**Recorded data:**

┌──

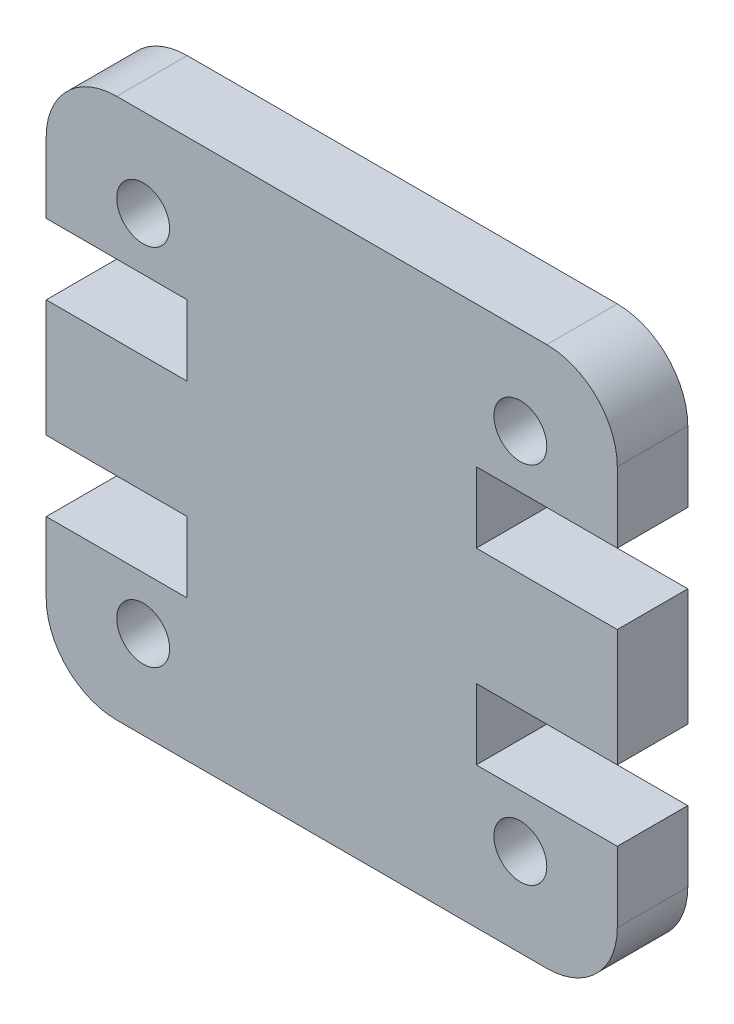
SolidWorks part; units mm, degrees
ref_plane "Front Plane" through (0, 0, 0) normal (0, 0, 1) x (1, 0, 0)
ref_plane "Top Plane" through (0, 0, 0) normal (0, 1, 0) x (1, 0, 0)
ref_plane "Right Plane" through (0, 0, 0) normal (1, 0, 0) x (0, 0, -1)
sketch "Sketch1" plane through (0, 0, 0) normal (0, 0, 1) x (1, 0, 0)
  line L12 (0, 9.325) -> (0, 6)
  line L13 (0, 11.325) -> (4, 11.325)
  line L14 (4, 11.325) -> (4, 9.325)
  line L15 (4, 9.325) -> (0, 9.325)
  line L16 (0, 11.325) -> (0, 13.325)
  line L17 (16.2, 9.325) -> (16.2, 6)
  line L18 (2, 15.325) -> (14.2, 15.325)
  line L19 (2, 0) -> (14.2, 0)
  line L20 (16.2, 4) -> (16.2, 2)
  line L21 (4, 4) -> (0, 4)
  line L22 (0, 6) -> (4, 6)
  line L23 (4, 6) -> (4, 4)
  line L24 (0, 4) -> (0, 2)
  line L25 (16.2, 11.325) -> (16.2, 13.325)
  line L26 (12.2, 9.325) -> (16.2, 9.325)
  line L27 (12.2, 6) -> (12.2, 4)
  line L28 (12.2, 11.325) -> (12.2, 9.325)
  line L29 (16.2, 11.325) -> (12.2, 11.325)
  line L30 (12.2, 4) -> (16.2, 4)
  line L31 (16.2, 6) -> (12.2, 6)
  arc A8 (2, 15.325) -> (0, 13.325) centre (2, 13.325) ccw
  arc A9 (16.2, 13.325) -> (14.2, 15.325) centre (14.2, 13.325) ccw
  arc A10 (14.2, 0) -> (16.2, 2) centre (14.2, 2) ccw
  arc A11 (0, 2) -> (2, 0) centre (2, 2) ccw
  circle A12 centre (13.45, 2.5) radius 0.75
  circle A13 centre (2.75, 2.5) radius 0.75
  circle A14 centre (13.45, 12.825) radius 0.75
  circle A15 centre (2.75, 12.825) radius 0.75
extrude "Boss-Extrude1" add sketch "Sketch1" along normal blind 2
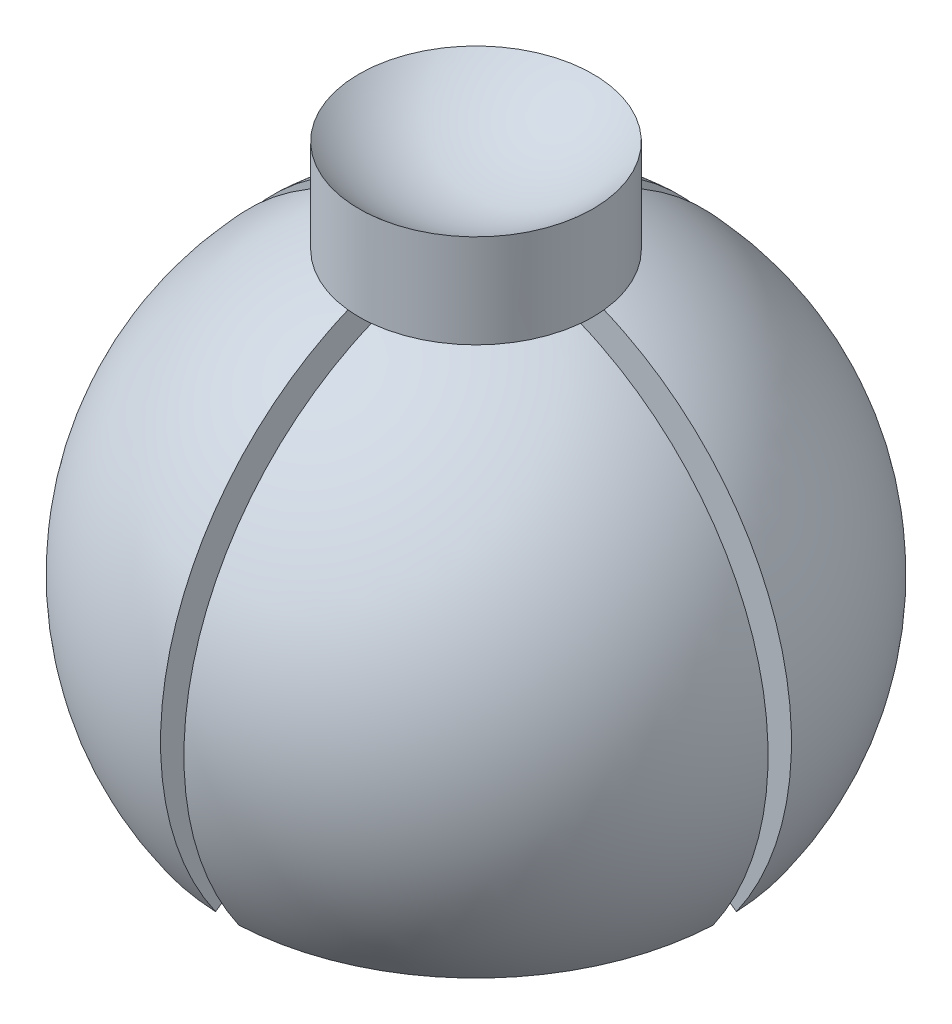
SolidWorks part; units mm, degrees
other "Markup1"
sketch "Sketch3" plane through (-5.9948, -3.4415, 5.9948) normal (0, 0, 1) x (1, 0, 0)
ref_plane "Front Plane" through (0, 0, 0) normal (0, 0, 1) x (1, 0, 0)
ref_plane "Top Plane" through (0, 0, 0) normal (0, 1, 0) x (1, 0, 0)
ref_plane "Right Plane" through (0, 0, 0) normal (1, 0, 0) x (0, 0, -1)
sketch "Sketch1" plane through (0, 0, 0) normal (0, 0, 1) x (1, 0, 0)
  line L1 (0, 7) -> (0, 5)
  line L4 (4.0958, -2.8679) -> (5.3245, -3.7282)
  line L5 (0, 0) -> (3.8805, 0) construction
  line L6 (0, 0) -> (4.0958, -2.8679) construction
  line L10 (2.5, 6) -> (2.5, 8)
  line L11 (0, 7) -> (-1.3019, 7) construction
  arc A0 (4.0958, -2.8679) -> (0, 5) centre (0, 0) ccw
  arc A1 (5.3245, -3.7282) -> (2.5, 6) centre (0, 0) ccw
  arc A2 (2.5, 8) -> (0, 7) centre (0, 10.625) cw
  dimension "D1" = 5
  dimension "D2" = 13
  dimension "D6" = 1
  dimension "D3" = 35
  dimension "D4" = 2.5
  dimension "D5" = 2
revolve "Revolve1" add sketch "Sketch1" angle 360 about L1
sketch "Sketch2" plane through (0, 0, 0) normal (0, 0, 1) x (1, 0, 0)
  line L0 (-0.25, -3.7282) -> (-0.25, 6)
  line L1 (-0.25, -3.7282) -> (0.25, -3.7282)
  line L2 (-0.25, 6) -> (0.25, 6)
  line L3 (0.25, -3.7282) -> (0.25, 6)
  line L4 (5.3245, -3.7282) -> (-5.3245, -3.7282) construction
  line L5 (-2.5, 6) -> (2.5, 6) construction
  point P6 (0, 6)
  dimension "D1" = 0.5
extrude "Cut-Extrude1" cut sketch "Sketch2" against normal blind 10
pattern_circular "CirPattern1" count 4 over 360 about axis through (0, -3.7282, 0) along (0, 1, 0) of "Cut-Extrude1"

└──

**ASSIGNMENT:** All the records above must be retyped exactly, except for their pictures.

**WRITTEN SOLUTION:**
SolidWorks part; units mm, degrees
ref_plane "Front Plane" through (0, 0, 0) normal (0, 0, 1) x (1, 0, 0)
ref_plane "Top Plane" through (0, 0, 0) normal (0, 1, 0) x (1, 0, 0)
ref_plane "Right Plane" through (0, 0, 0) normal (1, 0, 0) x (0, 0, -1)
sketch "Sketch1" plane through (0, 0, 0) normal (0, 0, 1) x (1, 0, 0)
  line L12 (0, 9.325) -> (0, 6)
  line L13 (0, 11.325) -> (4, 11.325)
  line L14 (4, 11.325) -> (4, 9.325)
  line L15 (4, 9.325) -> (0, 9.325)
  line L16 (0, 11.325) -> (0, 13.325)
  line L17 (16.2, 9.325) -> (16.2, 6)
  line L18 (2, 15.325) -> (14.2, 15.325)
  line L19 (2, 0) -> (14.2, 0)
  line L20 (16.2, 4) -> (16.2, 2)
  line L21 (4, 4) -> (0, 4)
  line L22 (0, 6) -> (4, 6)
  line L23 (4, 6) -> (4, 4)
  line L24 (0, 4) -> (0, 2)
  line L25 (16.2, 11.325) -> (16.2, 13.325)
  line L26 (12.2, 9.325) -> (16.2, 9.325)
  line L27 (12.2, 6) -> (12.2, 4)
  line L28 (12.2, 11.325) -> (12.2, 9.325)
  line L29 (16.2, 11.325) -> (12.2, 11.325)
  line L30 (12.2, 4) -> (16.2, 4)
  line L31 (16.2, 6) -> (12.2, 6)
  arc A8 (2, 15.325) -> (0, 13.325) centre (2, 13.325) ccw
  arc A9 (16.2, 13.325) -> (14.2, 15.325) centre (14.2, 13.325) ccw
  arc A10 (14.2, 0) -> (16.2, 2) centre (14.2, 2) ccw
  arc A11 (0, 2) -> (2, 0) centre (2, 2) ccw
  circle A12 centre (13.45, 2.5) radius 0.75
  circle A13 centre (2.75, 2.5) radius 0.75
  circle A14 centre (13.45, 12.825) radius 0.75
  circle A15 centre (2.75, 12.825) radius 0.75
extrude "Boss-Extrude1" add sketch "Sketch1" along normal blind 2
SolidWorks part; units mm, degrees
other "Markup1"
sketch "Sketch3" plane through (-5.9948, -3.4415, 5.9948) normal (0, 0, 1) x (1, 0, 0)
ref_plane "Front Plane" through (0, 0, 0) normal (0, 0, 1) x (1, 0, 0)
ref_plane "Top Plane" through (0, 0, 0) normal (0, 1, 0) x (1, 0, 0)
ref_plane "Right Plane" through (0, 0, 0) normal (1, 0, 0) x (0, 0, -1)
sketch "Sketch1" plane through (0, 0, 0) normal (0, 0, 1) x (1, 0, 0)
  line L1 (0, 7) -> (0, 5)
  line L4 (4.0958, -2.8679) -> (5.3245, -3.7282)
  line L5 (0, 0) -> (3.8805, 0) construction
  line L6 (0, 0) -> (4.0958, -2.8679) construction
  line L10 (2.5, 6) -> (2.5, 8)
  line L11 (0, 7) -> (-1.3019, 7) construction
  arc A0 (4.0958, -2.8679) -> (0, 5) centre (0, 0) ccw
  arc A1 (5.3245, -3.7282) -> (2.5, 6) centre (0, 0) ccw
  arc A2 (2.5, 8) -> (0, 7) centre (0, 10.625) cw
  dimension "D1" = 5
  dimension "D2" = 13
  dimension "D6" = 1
  dimension "D3" = 35
  dimension "D4" = 2.5
  dimension "D5" = 2
revolve "Revolve1" add sketch "Sketch1" angle 360 about L1
sketch "Sketch2" plane through (0, 0, 0) normal (0, 0, 1) x (1, 0, 0)
  line L0 (-0.25, -3.7282) -> (-0.25, 6)
  line L1 (-0.25, -3.7282) -> (0.25, -3.7282)
  line L2 (-0.25, 6) -> (0.25, 6)
  line L3 (0.25, -3.7282) -> (0.25, 6)
  line L4 (5.3245, -3.7282) -> (-5.3245, -3.7282) construction
  line L5 (-2.5, 6) -> (2.5, 6) construction
  point P6 (0, 6)
  dimension "D1" = 0.5
extrude "Cut-Extrude1" cut sketch "Sketch2" against normal blind 10
pattern_circular "CirPattern1" count 4 over 360 about axis through (0, -3.7282, 0) along (0, 1, 0) of "Cut-Extrude1"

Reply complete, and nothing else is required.